The demagogues were helped by the repeated failure of liberal-bourgeois democracy to respond to the masses of people struggling with the fear and uncertainty provoked by the vast and opaque processes of modernization. From the 1870s onwards, as Italy and Germany became unified states, a suspicion intensified across Europe that parliamentary democracy, easily manipulated by elites with sectarian interests, was deceitful, or at least incapable of achieving general well-being. The trio of Gaetano Mosca, Vilfredo Pareto and Robert Michels, three pioneering sociologists, simultaneously sought to expose the hypocrisy, cynicism and egotism of self-serving elites behind the rhetoric of democracy.
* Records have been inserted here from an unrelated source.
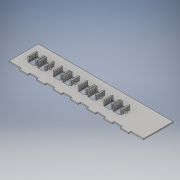
# Autodesk Inventor part: rear
Saved by Autodesk Inventor 2016 (Build 200138000, 138)
## iProperties
Created: 2015-08-26
Part Number: rear
Material: Generic
Document SubType Name: Modeling
Designer: gerthcm
Density: 1 g/cm^3
Appearance: Default
Author: gerthcm
Autodesk Inventor part; units mm, degrees
ref_plane "YZ Plane" through (0, 0, 0) normal (1, 0, 0) x (0, 1, 0)
ref_plane "XZ Plane" through (0, 0, 0) normal (0, 1, 0) x (-1, 0, 0)
ref_plane "XY Plane" through (0, 0, 0) normal (0, 0, 1) x (1, 0, 0)
sketch "Sketch1" plane through (0, 0, 0) normal (0, 1, 0) x (-1, 0, 0)
  line L0 (203.2, 31.75) -> (-203.2, 31.75)
  line L1 (-203.2, 31.75) -> (-203.2, -57.15)
  line L2 (-203.2, -57.15) -> (203.2, -57.15)
  line L3 (203.2, -57.15) -> (203.2, 31.75)
  point P0 (0, 0)
  point P1 (0, 0)
  dimension "d0" = 406.4
  dimension "d1" = 88.9
  constraints: 8 end point, 2 parallel, 1 horizontal, 1 perpendicular
  measures "d0" distance of L2.end L1.end
  measures "d1" distance of L1.end L0.end
extrude "Extrusion1" add sketch "Sketch1" along normal blind 3.175
sketch "Sketch3" plane through (0, 3.175, 0) normal (0, 1, 0) x (1, 0, 0)
  line L0 (-203.2, -31.75) -> (203.2, -31.75)
  line L1 (-165.1, -31.75) -> (-139.7, -31.75)
  line L2 (-139.7, -31.75) -> (-139.7, -38.1)
  line L3 (-139.7, -38.1) -> (-165.1, -38.1)
  line L4 (-165.1, -38.1) -> (-165.1, -31.75)
  line L5 (-114.3, -31.75) -> (-88.9, -31.75)
  line L6 (-88.9, -31.75) -> (-88.9, -38.1)
  line L7 (-88.9, -38.1) -> (-114.3, -38.1)
  line L8 (-114.3, -38.1) -> (-114.3, -31.75)
  line L9 (-63.5, -31.75) -> (-38.1, -31.75)
  line L10 (-38.1, -31.75) -> (-38.1, -38.1)
  line L11 (-38.1, -38.1) -> (-63.5, -38.1)
  line L12 (-63.5, -38.1) -> (-63.5, -31.75)
  line L13 (-12.7, -31.75) -> (12.7, -31.75)
  line L14 (12.7, -31.75) -> (12.7, -38.1)
  line L15 (12.7, -38.1) -> (-12.7, -38.1)
  line L16 (-12.7, -38.1) -> (-12.7, -31.75)
  line L17 (38.1, -31.75) -> (63.5, -31.75)
  line L18 (63.5, -31.75) -> (63.5, -38.1)
  line L19 (63.5, -38.1) -> (38.1, -38.1)
  line L20 (38.1, -38.1) -> (38.1, -31.75)
  line L21 (88.9, -31.75) -> (114.3, -31.75)
  line L22 (114.3, -31.75) -> (114.3, -38.1)
  line L23 (114.3, -38.1) -> (88.9, -38.1)
  line L24 (88.9, -38.1) -> (88.9, -31.75)
  line L25 (139.7, -31.75) -> (165.1, -31.75)
  line L26 (165.1, -31.75) -> (165.1, -38.1)
  line L27 (165.1, -38.1) -> (139.7, -38.1)
  line L28 (139.7, -38.1) -> (139.7, -31.75)
  point P0 (0, 0)
  point P1 (0, 0)
  dimension "d8" = 50.8
  constraints: 58 end point, 2 horizontal, 2 parallel, 1 collinear, 1 perpendicular, 1 point on line, 47 other
  measures "d8" distance of L1.start L5.start
extrude "Extrusion2" add sketch "Sketch3" against normal blind 3.175
sketch "Sketch4" plane through (-187.6003, 3.175, 12.867) normal (0, 1, 0) x (1, 0, 0)
  line L0 (15.875, 9.525) -> (34.925, 9.525)
  line L1 (34.925, 9.525) -> (34.925, 34.925)
  line L2 (34.925, 34.925) -> (15.875, 34.925)
  line L3 (15.875, 34.925) -> (15.875, 9.525)
  line L4 (44.45, 34.925) -> (63.5, 34.925)
  line L5 (63.5, 34.925) -> (63.5, 9.525)
  line L6 (63.5, 9.525) -> (44.45, 9.525)
  line L7 (44.45, 9.525) -> (44.45, 34.925)
  line L8 (92.075, 9.525) -> (111.125, 9.525)
  line L9 (111.125, 9.525) -> (111.125, 34.925)
  line L10 (111.125, 34.925) -> (92.075, 34.925)
  line L11 (92.075, 34.925) -> (92.075, 9.525)
  line L12 (120.65, 34.925) -> (139.7, 34.925)
  line L13 (139.7, 34.925) -> (139.7, 9.525)
  line L14 (139.7, 9.525) -> (120.65, 9.525)
  line L15 (120.65, 9.525) -> (120.65, 34.925)
  line L16 (168.275, 9.525) -> (187.325, 9.525)
  line L17 (187.325, 9.525) -> (187.325, 34.925)
  line L18 (187.325, 34.925) -> (168.275, 34.925)
  line L19 (168.275, 34.925) -> (168.275, 9.525)
  line L20 (196.85, 34.925) -> (215.9, 34.925)
  line L21 (215.9, 34.925) -> (215.9, 9.525)
  line L22 (215.9, 9.525) -> (196.85, 9.525)
  line L23 (196.85, 9.525) -> (196.85, 34.925)
  line L24 (244.475, 9.525) -> (263.525, 9.525)
  line L25 (263.525, 9.525) -> (263.525, 34.925)
  line L26 (263.525, 34.925) -> (244.475, 34.925)
  line L27 (244.475, 34.925) -> (244.475, 9.525)
  line L28 (273.05, 34.925) -> (292.1, 34.925)
  line L29 (292.1, 34.925) -> (292.1, 9.525)
  line L30 (292.1, 9.525) -> (273.05, 9.525)
  line L31 (273.05, 9.525) -> (273.05, 34.925)
  point P0 (160.3375, -5.08)
  dimension "d13" = 76.2
  constraints: 64 end point, 4 parallel, 4 point on line, 3 horizontal, 2 perpendicular, 1 collinear, 47 other
  measures "d13" distance of L0.start L8.start
extrude "Extrusion3" cut sketch "Sketch4" against normal blind 5
sketch "Sketch5" plane through (0, 3.175, 0) normal (0, 1, 0) x (1, 0, 0)
  line L0 (-171.45, -3.175) -> (-174.625, -3.175)
  line L1 (-174.625, -3.175) -> (-174.625, 22.225)
  line L2 (-174.625, 22.225) -> (-171.45, 22.225)
  line L3 (-171.45, 22.225) -> (-171.45, -3.175)
  line L4 (-152.4, 22.225) -> (-149.225, 22.225)
  line L5 (-149.225, 22.225) -> (-149.225, -3.175)
  line L6 (-149.225, -3.175) -> (-152.4, -3.175)
  line L7 (-152.4, -3.175) -> (-152.4, 22.225)
  line L8 (-124.1003, -3.342) -> (-143.1503, -3.342) projected
  line L9 (-143.1503, -3.342) -> (-146.05, -3.342)
  line L10 (-146.05, -3.342) -> (-146.05, 22.225)
  line L11 (-146.05, 22.225) -> (-143.1503, 22.225)
  line L12 (-143.1503, 22.225) -> (-143.1503, -3.342)
  line L13 (-124.1003, 22.225) -> (-120.65, 22.225)
  line L14 (-120.65, 22.225) -> (-120.65, -3.175)
  line L15 (-120.65, -3.175) -> (-124.1003, -3.175)
  line L16 (-124.1003, -3.175) -> (-124.1003, 22.225)
  line L17 (-73.025, 22.225) -> (-73.025, -3.175)
  line L18 (-76.2, 22.225) -> (-73.025, 22.225)
  line L19 (-76.2, -3.175) -> (-76.2, 22.225)
  line L20 (-95.25, 22.225) -> (-95.25, -3.175)
  line L21 (-98.425, -3.175) -> (-98.425, 22.225)
  line L22 (-98.425, 22.225) -> (-95.25, 22.225)
  line L23 (-95.25, -3.175) -> (-98.425, -3.175)
  line L24 (-73.025, -3.175) -> (-76.2, -3.175)
  line L25 (-69.85, -3.342) -> (-69.85, 22.225)
  line L26 (-69.85, 22.225) -> (-66.9503, 22.225)
  line L27 (-66.9503, -3.342) -> (-69.85, -3.342)
  line L28 (-66.9503, 22.225) -> (-66.9503, -3.342)
  line L29 (-44.45, -3.175) -> (-47.9003, -3.175)
  line L30 (-47.9003, -3.175) -> (-47.9003, 22.225)
  line L31 (-47.9003, 22.225) -> (-44.45, 22.225)
  line L32 (-44.45, 22.225) -> (-44.45, -3.175)
  line L33 (3.175, 22.225) -> (3.175, -3.175)
  line L34 (0, 22.225) -> (3.175, 22.225)
  line L35 (0, -3.175) -> (0, 22.225)
  line L36 (-19.05, 22.225) -> (-19.05, -3.175)
  line L37 (-22.225, -3.175) -> (-22.225, 22.225)
  line L38 (-22.225, 22.225) -> (-19.05, 22.225)
  line L39 (-19.05, -3.175) -> (-22.225, -3.175)
  line L40 (3.175, -3.175) -> (0, -3.175)
  line L41 (6.35, -3.342) -> (6.35, 22.225)
  line L42 (6.35, 22.225) -> (9.2497, 22.225)
  line L43 (9.2497, -3.342) -> (6.35, -3.342)
  line L44 (9.2497, 22.225) -> (9.2497, -3.342)
  line L45 (31.75, -3.175) -> (28.2997, -3.175)
  line L46 (28.2997, -3.175) -> (28.2997, 22.225)
  line L47 (28.2997, 22.225) -> (31.75, 22.225)
  line L48 (31.75, 22.225) -> (31.75, -3.175)
  line L49 (79.375, 22.225) -> (79.375, -3.175)
  line L50 (76.2, 22.225) -> (79.375, 22.225)
  line L51 (76.2, -3.175) -> (76.2, 22.225)
  line L52 (57.15, 22.225) -> (57.15, -3.175)
  line L53 (53.975, -3.175) -> (53.975, 22.225)
  line L54 (53.975, 22.225) -> (57.15, 22.225)
  line L55 (57.15, -3.175) -> (53.975, -3.175)
  line L56 (79.375, -3.175) -> (76.2, -3.175)
  line L57 (82.55, -3.342) -> (82.55, 22.225)
  line L58 (82.55, 22.225) -> (85.4497, 22.225)
  line L59 (85.4497, -3.342) -> (82.55, -3.342)
  line L60 (85.4497, 22.225) -> (85.4497, -3.342)
  line L61 (107.95, -3.175) -> (104.4997, -3.175)
  line L62 (104.4997, -3.175) -> (104.4997, 22.225)
  line L63 (104.4997, 22.225) -> (107.95, 22.225)
  line L64 (107.95, 22.225) -> (107.95, -3.175)
  point P0 (0, 0)
  dimension "d24" = 76.2
  constraints: 128 end point, 16 point on line, 8 parallel, 5 horizontal, 4 perpendicular, 1 collinear, 95 other
  measures "d24" distance of L0.start L20.end
extrude "Extrusion4" add sketch "Sketch5" along normal blind 12.7
sketch "Sketch6" plane through (-174.625, 3.175, -22.225) normal (-1, 0, 0) x (0, 0, 1)
  line L0 (19.05, 0) -> (15.875, 0)
  line L1 (15.875, 0) -> (15.875, 9.525)
  line L2 (15.875, 9.525) -> (19.05, 9.525)
  line L3 (19.05, 9.525) -> (19.05, 0)
  line L4 (9.525, 0) -> (6.35, 0)
  line L5 (6.35, 0) -> (6.35, 9.525)
  line L6 (6.35, 9.525) -> (9.525, 9.525)
  line L7 (9.525, 9.525) -> (9.525, 0)
  point P0 (22.225, -3.175)
  constraints: 16 end point, 4 parallel, 2 horizontal, 2 perpendicular
extrude "Extrusion5" cut sketch "Sketch6" against normal blind 406.4
chamfer "Chamfer1" distance 3.175 angle 45 8 edges at (-174.625, 3.175, -9.525) (-98.425, 3.175, -9.525) (-22.225, 3.175, -9.525) (53.975, 3.175, -9.525) (107.95, 3.175, -9.525) (31.75, 3.175, -9.525) (-44.45, 3.175, -9.525) (-120.65, 3.175, -9.525)
fillet "Fillet1" radius 3.175 8 edges at (-162.2003, 3.175, 3.342) (-133.6253, 3.175, 3.342) (-86.0003, 3.175, 3.342) (-57.4253, 3.175, 3.342) (-9.8003, 3.175, 3.342) (18.7747, 3.175, 3.342) (66.3997, 3.175, 3.342) (94.9747, 3.175, 3.342)
equation "\"d20\" = d21"
equation "\"d21\" = 5"
body "Solid1"

They were not ‘neo-Machiavellian’ for the sake of it. The old liberal model, which evidently worked to protect the rights and freedoms of privileged individuals, had failed to confer democratic citizenship on ordinary people, let alone bring them economic rewards or restore their sense of community. Meanwhile, cities were growing uncontrollably, condemning most of their inhabitants to physical and moral squalor, and even its posher inhabitants to much fear and anxiety about the rising masses.